Consider the function $$g(x)=\begin{cases} \frac{1}{x}\ln\frac{1}{1-x}\hspace{.5cm} x\neq0,\\ 1 \hspace{1.8cm} x=0.\end{cases}$$
Let $f$ be the function defined on $(-\infty,1)$ by the integral $f(x)=\int_{0}^{x}g(u)du=\int_{0}^{x}\frac{1}{u}\ln\frac{1}{1-u}du$. Find the Taylor expansion about 0 of $f(x)$ and use this to confirm that the function $f$ is analytic.
My Taylor expansion is the following: $$0+g(0)(x)+\frac{g'(0)}{2!}x^2+\frac{g''(0)}{3!}+\cdots$$
which equals: $$f(x)=x+\frac{1}{2}\frac{x^2}{2!}+\frac{2}{3}\frac{x^3}{3!}+\frac{3}{2}\frac{x^4}{4!}$$
Which further equals: $$f(x)=\sum_{k=1}^{\infty}\frac{x^k}{k^2}.$$
Now I need to prove that this function is analytic, but I am not quite sure how to do that.
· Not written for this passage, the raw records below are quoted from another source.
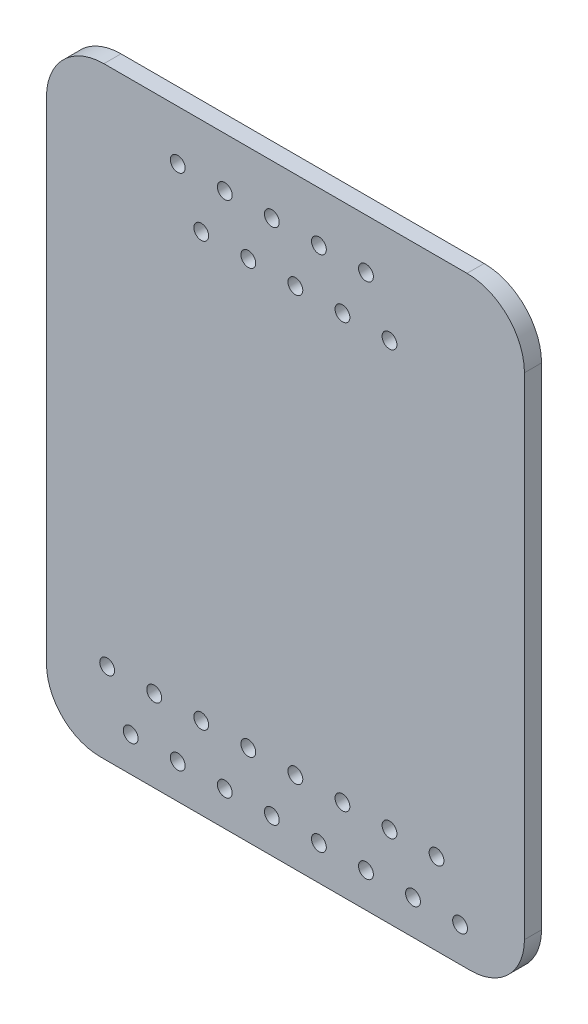
ISO-10303-21;
HEADER;
FILE_DESCRIPTION(('STEP AP214'),'2;1');
FILE_NAME('part.step','',(''),(''),'','','');
FILE_SCHEMA(('AUTOMOTIVE_DESIGN { 1 0 10303 214 1 1 1 1 }'));
ENDSEC;
DATA;
#1=APPLICATION_CONTEXT('core data for automotive mechanical design processes');
#2=APPLICATION_PROTOCOL_DEFINITION('international standard','automotive_design',2000,#1);
#3=PRODUCT_CONTEXT('',#1,'mechanical');
#4=PRODUCT('Part','Part','',(#3));
#5=PRODUCT_RELATED_PRODUCT_CATEGORY('part','',(#4));
#6=PRODUCT_DEFINITION_FORMATION('','',#4);
#7=PRODUCT_DEFINITION_CONTEXT('part definition',#1,'design');
#8=PRODUCT_DEFINITION('design','',#6,#7);
#9=PRODUCT_DEFINITION_SHAPE('','',#8);
#10=(LENGTH_UNIT() NAMED_UNIT(*) SI_UNIT(.MILLI.,.METRE.));
#11=(NAMED_UNIT(*) PLANE_ANGLE_UNIT() SI_UNIT($,.RADIAN.));
#12=(NAMED_UNIT(*) SI_UNIT($,.STERADIAN.) SOLID_ANGLE_UNIT());
#13=UNCERTAINTY_MEASURE_WITH_UNIT(LENGTH_MEASURE(1.E-05),#10,'distance_accuracy_value','');
#14=(GEOMETRIC_REPRESENTATION_CONTEXT(3) GLOBAL_UNCERTAINTY_ASSIGNED_CONTEXT((#13)) GLOBAL_UNIT_ASSIGNED_CONTEXT((#10,
#11,#12)) REPRESENTATION_CONTEXT('',''));
#15=CARTESIAN_POINT('',(0.,0.,0.));
#16=DIRECTION('',(0.,0.,1.));
#17=DIRECTION('',(1.,0.,0.));
#18=AXIS2_PLACEMENT_3D('',#15,#16,#17);
#19=CARTESIAN_POINT('',(6.1,2.9,0.9224));
#20=DIRECTION('',(0.,0.,-1.));
#21=DIRECTION('',(-1.,0.,0.));
#22=AXIS2_PLACEMENT_3D('',#19,#20,#21);
#23=CYLINDRICAL_SURFACE('',#22,2.9);
#24=CARTESIAN_POINT('',(6.1,2.9,0.));
#25=DIRECTION('',(0.,0.,1.));
#26=DIRECTION('',(1.,0.,0.));
#27=AXIS2_PLACEMENT_3D('',#24,#25,#26);
#28=CIRCLE('',#27,2.9);
#29=CARTESIAN_POINT('',(3.2,2.9,0.));
#30=VERTEX_POINT('',#29);
#31=CARTESIAN_POINT('',(6.1,0.,0.));
#32=VERTEX_POINT('',#31);
#33=EDGE_CURVE('E146',#30,#32,#28,.T.);
#34=ORIENTED_EDGE('',*,*,#33,.T.);
#35=DIRECTION('',(0.,0.,-1.));
#36=VECTOR('',#35,1.);
#37=CARTESIAN_POINT('',(6.1,0.,0.9224));
#38=LINE('',#37,#36);
#39=CARTESIAN_POINT('',(6.1,0.,0.9224));
#40=VERTEX_POINT('',#39);
#41=EDGE_CURVE('E11',#40,#32,#38,.T.);
#42=ORIENTED_EDGE('',*,*,#41,.F.);
#43=CARTESIAN_POINT('',(6.1,2.9,0.9224));
#44=DIRECTION('',(0.,0.,1.));
#45=DIRECTION('',(1.,0.,0.));
#46=AXIS2_PLACEMENT_3D('',#43,#44,#45);
#47=CIRCLE('',#46,2.9);
#48=CARTESIAN_POINT('',(3.2,2.9,0.9224));
#49=VERTEX_POINT('',#48);
#50=EDGE_CURVE('E169',#49,#40,#47,.T.);
#51=ORIENTED_EDGE('',*,*,#50,.F.);
#52=DIRECTION('',(0.,0.,-1.));
#53=VECTOR('',#52,1.);
#54=CARTESIAN_POINT('',(3.2,2.9,0.9224));
#55=LINE('',#54,#53);
#56=EDGE_CURVE('E142',#49,#30,#55,.T.);
#57=ORIENTED_EDGE('',*,*,#56,.T.);
#58=EDGE_LOOP('',(#34,#42,#51,#57));
#59=FACE_BOUND('',#58,.T.);
#60=ADVANCED_FACE('F45',(#59),#23,.T.);
#61=CARTESIAN_POINT('',(6.1,0.,0.9224));
#62=DIRECTION('',(0.,1.,0.));
#63=DIRECTION('',(0.,0.,1.));
#64=AXIS2_PLACEMENT_3D('',#61,#62,#63);
#65=PLANE('',#64);
#66=DIRECTION('',(1.,0.,0.));
#67=VECTOR('',#66,1.);
#68=CARTESIAN_POINT('',(6.1,0.,0.));
#69=LINE('',#68,#67);
#70=CARTESIAN_POINT('',(26.1,0.,0.));
#71=VERTEX_POINT('',#70);
#72=EDGE_CURVE('E150',#32,#71,#69,.T.);
#73=ORIENTED_EDGE('',*,*,#72,.T.);
#74=DIRECTION('',(0.,0.,-1.));
#75=VECTOR('',#74,1.);
#76=CARTESIAN_POINT('',(26.1,0.,0.9224));
#77=LINE('',#76,#75);
#78=CARTESIAN_POINT('',(26.1,0.,0.9224));
#79=VERTEX_POINT('',#78);
#80=EDGE_CURVE('E54',#79,#71,#77,.T.);
#81=ORIENTED_EDGE('',*,*,#80,.F.);
#82=DIRECTION('',(1.,0.,0.));
#83=VECTOR('',#82,1.);
#84=CARTESIAN_POINT('',(6.1,0.,0.9224));
#85=LINE('',#84,#83);
#86=EDGE_CURVE('E105',#40,#79,#85,.T.);
#87=ORIENTED_EDGE('',*,*,#86,.F.);
#88=ORIENTED_EDGE('',*,*,#41,.T.);
#89=EDGE_LOOP('',(#73,#81,#87,#88));
#90=FACE_BOUND('',#89,.T.);
#91=ADVANCED_FACE('F490',(#90),#65,.F.);
#92=CARTESIAN_POINT('',(26.10001,2.89998999998276,0.9224));
#93=DIRECTION('',(0.,0.,-1.));
#94=DIRECTION('',(-1.,0.,0.));
#95=AXIS2_PLACEMENT_3D('',#92,#93,#94);
#96=CYLINDRICAL_SURFACE('',#95,2.89999);
#97=CARTESIAN_POINT('',(26.10001,2.89998999998276,0.));
#98=DIRECTION('',(0.,0.,1.));
#99=DIRECTION('',(1.,0.,0.));
#100=AXIS2_PLACEMENT_3D('',#97,#98,#99);
#101=CIRCLE('',#100,2.89999);
#102=CARTESIAN_POINT('',(29.,2.89998999998276,0.));
#103=VERTEX_POINT('',#102);
#104=EDGE_CURVE('E154',#71,#103,#101,.T.);
#105=ORIENTED_EDGE('',*,*,#104,.T.);
#106=DIRECTION('',(0.,0.,-1.));
#107=VECTOR('',#106,1.);
#108=CARTESIAN_POINT('',(29.,2.89998999998276,0.9224));
#109=LINE('',#108,#107);
#110=CARTESIAN_POINT('',(29.,2.89998999998276,0.9224));
#111=VERTEX_POINT('',#110);
#112=EDGE_CURVE('E180',#111,#103,#109,.T.);
#113=ORIENTED_EDGE('',*,*,#112,.F.);
#114=CARTESIAN_POINT('',(26.10001,2.89998999998276,0.9224));
#115=DIRECTION('',(0.,0.,1.));
#116=DIRECTION('',(1.,0.,0.));
#117=AXIS2_PLACEMENT_3D('',#114,#115,#116);
#118=CIRCLE('',#117,2.89999);
#119=EDGE_CURVE('E190',#79,#111,#118,.T.);
#120=ORIENTED_EDGE('',*,*,#119,.F.);
#121=ORIENTED_EDGE('',*,*,#80,.T.);
#122=EDGE_LOOP('',(#105,#113,#120,#121));
#123=FACE_BOUND('',#122,.T.);
#124=ADVANCED_FACE('F188',(#123),#96,.T.);
#125=CARTESIAN_POINT('',(29.,2.89999,0.9224));
#126=DIRECTION('',(-1.,0.,0.));
#127=DIRECTION('',(0.,0.,1.));
#128=AXIS2_PLACEMENT_3D('',#125,#126,#127);
#129=PLANE('',#128);
#130=DIRECTION('',(0.,1.,0.));
#131=VECTOR('',#130,1.);
#132=CARTESIAN_POINT('',(29.,2.89999,0.));
#133=LINE('',#132,#131);
#134=CARTESIAN_POINT('',(29.,29.4,0.));
#135=VERTEX_POINT('',#134);
#136=EDGE_CURVE('E157',#103,#135,#133,.T.);
#137=ORIENTED_EDGE('',*,*,#136,.T.);
#138=DIRECTION('',(0.,0.,-1.));
#139=VECTOR('',#138,1.);
#140=CARTESIAN_POINT('',(29.,29.4,0.9224));
#141=LINE('',#140,#139);
#142=CARTESIAN_POINT('',(29.,29.4,0.9224));
#143=VERTEX_POINT('',#142);
#144=EDGE_CURVE('E176',#143,#135,#141,.T.);
#145=ORIENTED_EDGE('',*,*,#144,.F.);
#146=DIRECTION('',(0.,1.,0.));
#147=VECTOR('',#146,1.);
#148=CARTESIAN_POINT('',(29.,2.89999,0.9224));
#149=LINE('',#148,#147);
#150=EDGE_CURVE('E203',#111,#143,#149,.T.);
#151=ORIENTED_EDGE('',*,*,#150,.F.);
#152=ORIENTED_EDGE('',*,*,#112,.T.);
#153=EDGE_LOOP('',(#137,#145,#151,#152));
#154=FACE_BOUND('',#153,.T.);
#155=ADVANCED_FACE('F198',(#154),#129,.F.);
#156=CARTESIAN_POINT('',(25.9000100000161,29.4000100000161,0.9224));
#157=DIRECTION('',(0.,0.,-1.));
#158=DIRECTION('',(-1.,0.,0.));
#159=AXIS2_PLACEMENT_3D('',#156,#157,#158);
#160=CYLINDRICAL_SURFACE('',#159,3.09999);
#161=CARTESIAN_POINT('',(25.9000100000161,29.4000100000161,0.));
#162=DIRECTION('',(0.,0.,1.));
#163=DIRECTION('',(1.,0.,0.));
#164=AXIS2_PLACEMENT_3D('',#161,#162,#163);
#165=CIRCLE('',#164,3.09999);
#166=CARTESIAN_POINT('',(25.9,32.5,0.));
#167=VERTEX_POINT('',#166);
#168=EDGE_CURVE('E160',#135,#167,#165,.T.);
#169=ORIENTED_EDGE('',*,*,#168,.T.);
#170=DIRECTION('',(0.,0.,-1.));
#171=VECTOR('',#170,1.);
#172=CARTESIAN_POINT('',(25.9,32.5,0.9224));
#173=LINE('',#172,#171);
#174=CARTESIAN_POINT('',(25.9,32.5,0.9224));
#175=VERTEX_POINT('',#174);
#176=EDGE_CURVE('E135',#175,#167,#173,.T.);
#177=ORIENTED_EDGE('',*,*,#176,.F.);
#178=CARTESIAN_POINT('',(25.9000100000161,29.4000100000161,0.9224));
#179=DIRECTION('',(0.,0.,1.));
#180=DIRECTION('',(1.,0.,0.));
#181=AXIS2_PLACEMENT_3D('',#178,#179,#180);
#182=CIRCLE('',#181,3.09999);
#183=EDGE_CURVE('E124',#143,#175,#182,.T.);
#184=ORIENTED_EDGE('',*,*,#183,.F.);
#185=ORIENTED_EDGE('',*,*,#144,.T.);
#186=EDGE_LOOP('',(#169,#177,#184,#185));
#187=FACE_BOUND('',#186,.T.);
#188=ADVANCED_FACE('F201',(#187),#160,.T.);
#189=CARTESIAN_POINT('',(25.9,32.5,0.9224));
#190=DIRECTION('',(5.10203821409991E-07,-0.99999999999987,0.));
#191=DIRECTION('',(0.99999999999987,5.10203821409991E-07,0.));
#192=AXIS2_PLACEMENT_3D('',#189,#190,#191);
#193=PLANE('',#192);
#194=DIRECTION('',(-0.99999999999987,-5.10203821409991E-07,0.));
#195=VECTOR('',#194,1.);
#196=CARTESIAN_POINT('',(25.9,32.5,0.));
#197=LINE('',#196,#195);
#198=CARTESIAN_POINT('',(6.29999,32.49999,0.));
#199=VERTEX_POINT('',#198);
#200=EDGE_CURVE('E133',#167,#199,#197,.T.);
#201=ORIENTED_EDGE('',*,*,#200,.T.);
#202=DIRECTION('',(0.,0.,-1.));
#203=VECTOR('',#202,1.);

Recall that a function is analytic in $x=c$ iff there exists an expansion $$\sum_{n=0}^\infty a_n(x-c)^n$$ holds in a neibourhood about $x=c$. With this definition $\ln\dfrac{1}{1-x}$ is analytic about $x=0$ and indeed for $|x|<1$ $$\ln\dfrac{1}{1-x}=\sum_{n=1}^\infty \dfrac{x^n}{n}$$ also following holds $$\dfrac1x\ln\dfrac{1}{1-x}=\sum_{n=1}^\infty \dfrac{x^{n-1}}{n} \hspace{2cm}|x|<1$$ and by integration the convergence interval doesn't change $$f(x)=\int_0^x\dfrac1u\ln\dfrac{1}{1-u}du=\int_0^x\sum_{n=1}^\infty \dfrac{u^{n-1}}{n}du=\sum_{n=1}^\infty \dfrac{x^n}{n^2} \hspace{2cm}|x|<1$$ this expansion shows that $f(x)$ is analytic for $|x|<1$.